SDF provides two interfaces for accessing lineage information. This interface displays information per-table and it includes only one level of upstream dependencies. Here is an example:

sdf lineage models/sink.sql
table:
  name: chain.pub.sink
  lineage:
    inspect:
      - middle.qty
  columns:
    - name: uid
      lineage:
        copy:
          - middle.user_id
    - name: phone
      lineage:
        copy:
          - middle.phone
    - name: txn_date
      lineage:
        copy:
          - middle.txn_date
    - name: qty
      lineage:
        copy:
          - middle.qty

Alternatively you can view a multi-level graphical representation of lineage:

sdf lineage sink --column phone   

sink.phone │ │ copy ├──────┐ │ middle.phone │ │ │ │ copy │ ├──────┐ │ │ source.phone │ │ scan │ └──────┐ │ source.txn_date │ source.user_id │ scan └──────┐        middle.qty        │        │ mod        ├──────┐        │ source.qty        │ scan        └──────┐               source.txn_date               source.user_id

In addition, sdf lineage supports the --forward flag to display all the downstream dependencies of a given column.

For a deeper dive on this command, check out the Lineage CLI Command referece.

Advanced Column-Level Lineage (Coming Soon)

Soon SDF will be able to track dependencies at a more fine-grained level by specifying which functions or operations should be tracked explicitly.
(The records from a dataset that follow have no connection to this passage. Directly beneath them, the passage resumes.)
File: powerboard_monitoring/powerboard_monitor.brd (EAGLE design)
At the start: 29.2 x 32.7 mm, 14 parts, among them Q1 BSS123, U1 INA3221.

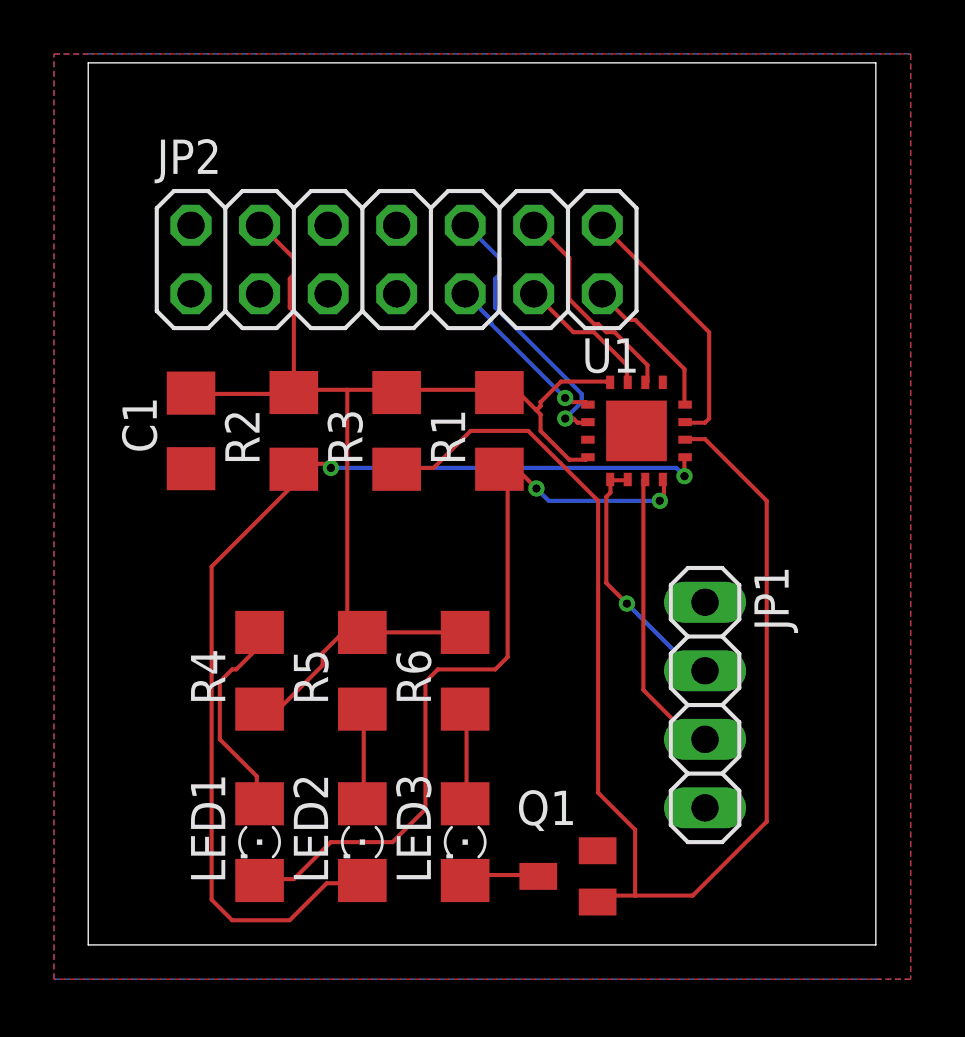
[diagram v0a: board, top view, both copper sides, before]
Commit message: Board (v.2)
The board is remade to have save space.
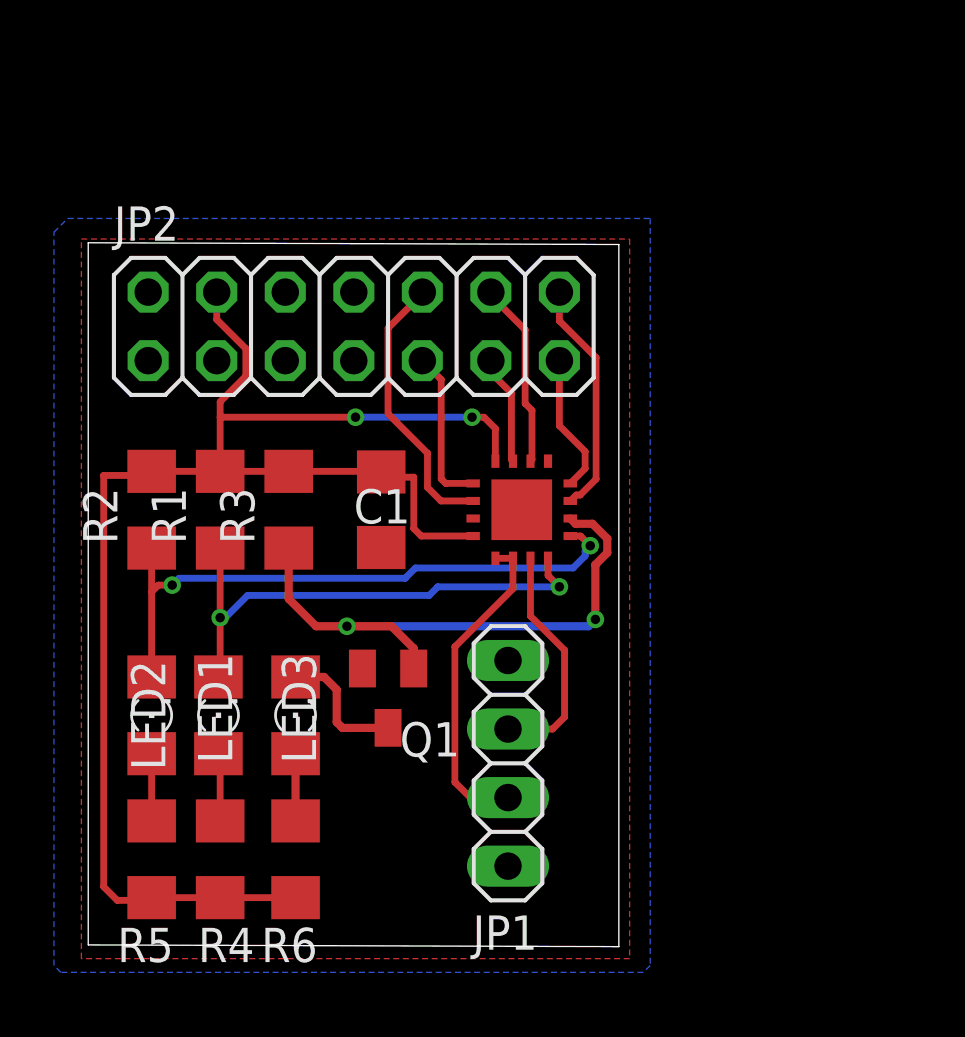
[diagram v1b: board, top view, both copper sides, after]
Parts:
- R6: value 360 Ohm -> 300 Ohm
- moved R1 10.8 mm to (4.89, 16.1)
- moved R5 10.5 mm to (2.35, 3.17), turned to 90 degrees
- moved R6 9.40 mm to (7.68, 3.17), turned to 270 degrees
- moved Q1 9.38 mm to (11.1, 9.14), turned to 180 degrees
- moved LED2 9.12 mm to (2.35, 8.51), turned to 90 degrees
- moved LED3 7.85 mm to (7.68, 8.51), turned to 90 degrees
- moved C1 7.63 mm to (10.9, 16.1)
- moved JP1 7.61 mm to (15.6, 6.73), turned to 90 degrees
- moved R4 7.14 mm to (4.89, 3.17)
- moved R2 6.03 mm to (2.35, 16.1)
- moved U1 5.16 mm to (16.1, 16.1)
- moved R3 4.95 mm to (7.43, 16.1)
- moved LED1 4.94 mm to (4.83, 8.51), turned to 90 degrees
- moved JP2 2.94 mm to (9.84, 22.9)
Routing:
- net PV_OUT: track 47.8 -> 22.2 mm, vias 0 -> 2
- net CRITICAL_OUT: track 39.2 -> 22.7 mm
- net 5V: track 45.4 -> 57.5 mm, vias 0 -> 2
- net WARNING_OUT: track 29.9 -> 19.1 mm
- net N$4: track 7.65 -> 2.52 mm
- net SCL: track 9.59 -> 12.0 mm, vias 1 -> 0
- net SDA: track 10.9 -> 8.69 mm
- net N$2: track 2.81 -> 4.92 mm
- net 5V+: track 5.19 -> 4.06 mm
- net N$5: track 3.54 -> 2.49 mm
- net N$1: track 3.54 -> 2.49 mm
- net 5V-: track 7.95 -> 6.92 mm
- net 3V-: track 9.76 -> 8.78 mm
- net 12V+: track 6.34 -> 5.92 mm, vias 1 -> 0
- net 12V-: track 10.4 -> 10.3 mm, vias 1 -> 0
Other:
- board size 29.2 x 32.7 mm -> 19.7 x 26.1 mm

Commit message: Board (v.3)
-Various traces made wider (5V, Digital outputs)
-Fixed the dimensions of the board.
Note: The board meets the design rules as uploaded by Alain on 11-24-2017
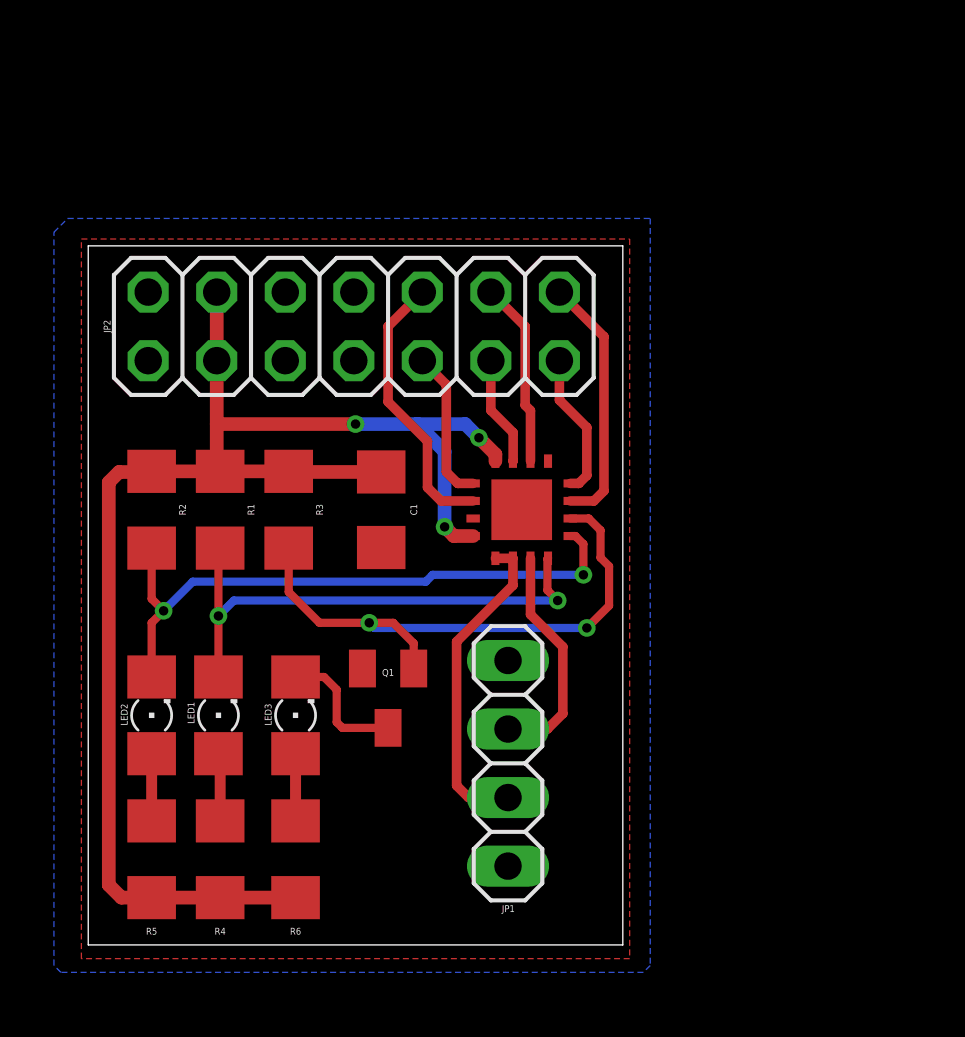
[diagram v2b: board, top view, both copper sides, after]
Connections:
- net 5V: now also JP2.3
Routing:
- net 5V: track 57.5 -> 55.4 mm, vias 2 -> 3
- net 3V-: track 8.78 -> 9.45 mm
- net PV_OUT: track 22.2 -> 21.5 mm
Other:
- board size 19.7 x 26.1 mm -> 19.8 x 25.9 mm

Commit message: Board (v.4)
Fixed the issue of islanding.
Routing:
- net GND: track 0.00 -> 8.67 mm, vias 0 -> 1
- net 5V: track 55.4 -> 56.5 mm
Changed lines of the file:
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@@
 <vertex x="-1.27" y="26.416"/>
 </polygon>
-<wire x1="10.8585" y1="14.729" x2="14.2655" y2="15.804" width="0" layer="19" extent="1-1"/>
-<wire x1="15.5575" y1="10.541" x2="14.2655" y2="15.804" width="0" layer="19" extent="1-1"/>
+<wire x1="14.2655" y1="15.804" x2="13.025" y2="15.804" width="0.1524" layer="1"/>
+<wire x1="13.025" y1="15.804" x2="12.6365" y2="16.1925" width="0.1524" layer="1"/>
+<wire x1="12.6365" y1="16.1925" x2="12.065" y2="15.621" width="0.1524" layer="1"/>
+<wire x1="12.065" y1="15.621" x2="12.065" y2="14.7955" width="0.1524" layer="1"/>
+<wire x1="12.065" y1="14.7955" x2="11.9985" y2="14.729" width="0.1524" layer="1"/>
+<wire x1="11.9985" y1="14.729" x2="10.8585" y2="14.729" width="0.1524" layer="1"/>
+<wire x1="10.1625" y1="10.244" x2="9.167" y2="11.2395" width="0.1524" layer="1"/>
+<wire x1="9.167" y1="11.2395" x2="7.112" y2="11.2395" width="0.1524" layer="1"/>
+<wire x1="7.112" y1="11.2395" x2="6.858" y2="11.4935" width="0.1524" layer="1"/>
+<wire x1="6.858" y1="11.4935" x2="6.858" y2="11.684" width="0.1524" layer="1"/>
+<via x="6.858" y="11.684" extent="1-16" drill="0.35"/>
 </signal>
 <signal name="5V">
@@
 <contactref element="R6" pad="2"/>
 <contactref element="JP2" pad="3"/>
-<wire x1="4.7625" y1="24.1935" x2="4.7625" y2="21.6535" width="0.508" layer="1"/>
-<wire x1="4.7625" y1="21.6535" x2="4.7625" y2="19.304" width="0.508" layer="1"/>
-<wire x1="4.7625" y1="17.678" x2="4.7625" y2="19.304" width="0.508" layer="1"/>
-<wire x1="4.7625" y1="17.678" x2="4.8895" y2="17.551" width="0.508" layer="1"/>
-<wire x1="4.8895" y1="17.551" x2="7.4295" y2="17.551" width="0.508" layer="1"/>
+<wire x1="4.7625" y1="21.6535" x2="4.7625" y2="24.1935" width="0.508" layer="1"/>
+<wire x1="7.4295" y1="17.551" x2="4.8895" y2="17.551" width="0.508" layer="1"/>
 <wire x1="7.4295" y1="17.551" x2="7.4515" y2="17.529" width="0.508" layer="1"/>
 <wire x1="7.4515" y1="17.529" x2="10.8585" y2="17.529" width="0.508" layer="1"/>
-<wire x1="4.7625" y1="19.304" x2="9.906" y2="19.304" width="0.508" layer="1"/>
-<via x="9.906" y="19.304" extent="1-16" drill="0.35"/>
-<wire x1="9.906" y1="19.304" x2="12.192" y2="19.304" width="0.508" layer="16"/>
-<wire x1="12.192" y1="19.304" x2="13.97" y2="19.304" width="0.508" layer="16"/>
-<wire x1="13.97" y1="19.304" x2="14.478" y2="18.796" width="0.508" layer="16"/>
-<via x="14.478" y="18.796" extent="1-16" drill="0.35"/>
-<wire x1="14.478" y1="18.796" x2="15.0905" y2="18.1835" width="0.508" layer="1"/>
-<wire x1="15.0905" y1="18.1835" x2="15.0905" y2="17.929" width="0.508" layer="1"/>
-<wire x1="12.192" y1="19.304" x2="13.208" y2="18.288" width="0.508" layer="16"/>
-<wire x1="13.208" y1="18.288" x2="13.208" y2="15.494" width="0.508" layer="16"/>
-<via x="13.208" y="15.494" extent="1-16" drill="0.35"/>
-<wire x1="13.208" y1="15.494" x2="13.548" y2="15.154" width="0.508" layer="1"/>
-<wire x1="13.548" y1="15.154" x2="14.2655" y2="15.154" width="0.508" layer="1"/>
 <wire x1="2.3245" y1="17.526" x2="2.3495" y2="17.551" width="0.508" layer="1"/>
 <wire x1="2.3245" y1="17.526" x2="1.143" y2="17.526" width="0.508" layer="1"/>
@@
 <wire x1="2.3495" y1="1.753" x2="4.8895" y2="1.753" width="0.508" layer="1"/>
 <wire x1="4.8895" y1="1.753" x2="7.6835" y2="1.753" width="0.508" layer="1"/>
-<wire x1="2.3495" y1="17.551" x2="4.6355" y2="17.551" width="0.508" layer="1"/>
-<wire x1="4.6355" y1="17.551" x2="4.7625" y2="17.678" width="0.508" layer="1"/>
+<wire x1="2.3495" y1="17.551" x2="4.8895" y2="17.551" width="0.508" layer="1"/>
+<wire x1="4.8895" y1="17.551" x2="4.7625" y2="17.678" width="0.508" layer="1"/>
+<wire x1="4.7625" y1="17.678" x2="4.7625" y2="19.304" width="0.508" layer="1"/>
+<via x="10.16" y="19.4945" extent="1-16" drill="0.35"/>
+<wire x1="4.7625" y1="19.304" x2="4.7625" y2="21.6535" width="0.508" layer="1"/>
+<wire x1="10.16" y1="19.4945" x2="12.7" y2="19.4945" width="0.508" layer="16"/>
+<via x="14.097" y="19.4945" extent="1-16" drill="0.35"/>
+<wire x1="12.7" y1="19.4945" x2="14.097" y2="19.4945" width="0.508" layer="16"/>
+<wire x1="14.097" y1="19.4945" x2="15.0905" y2="18.501" width="0.508" layer="1"/>
+<wire x1="15.0905" y1="18.501" x2="15.0905" y2="17.929" width="0.508" layer="1"/>
+<wire x1="12.7" y1="19.4945" x2="12.446" y2="19.2405" width="0.508" layer="16"/>
+<wire x1="12.446" y1="19.2405" x2="12.446" y2="15.494" width="0.508" layer="16"/>
+<wire x1="12.446" y1="15.494" x2="12.7" y2="15.24" width="0.508" layer="16"/>
+<via x="12.7" y="15.24" extent="1-16" drill="0.35"/>
+<wire x1="12.7" y1="15.24" x2="12.786" y2="15.154" width="0.508" layer="1"/>
+<wire x1="12.786" y1="15.154" x2="14.2655" y2="15.154" width="0.508" layer="1"/>
+<wire x1="4.7625" y1="19.304" x2="9.9695" y2="19.304" width="0.508" layer="1"/>
+<wire x1="9.9695" y1="19.304" x2="10.16" y2="19.4945" width="0.508" layer="1"/>
 </signal>
 <signal name="SCL">
@@
 <signal name="N$6">
 </signal>
+<signal name="N$8">
+</signal>
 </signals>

Consider this updated workspace.sdf.yml file where we added an instruction to track the SUM transformation explicitly.

workspace.sdf.yml
workspace:
  edition: "1.3"
  lineage:
    functions:
      - sum
  includes:
    - path: models/

Now, the lineage for the knis.qty column will be as follows:

knis.qty │ │ sum └──────┐        middle.qty        │        │ sum        └──────┐               source.qty

Other transformations will continue to be tagged by the generic mod label. By specifying a wildcard, the user may instruct SDF to track all function transformations explicitly.

We’re actively working on this functionality and will notify the community when it is available.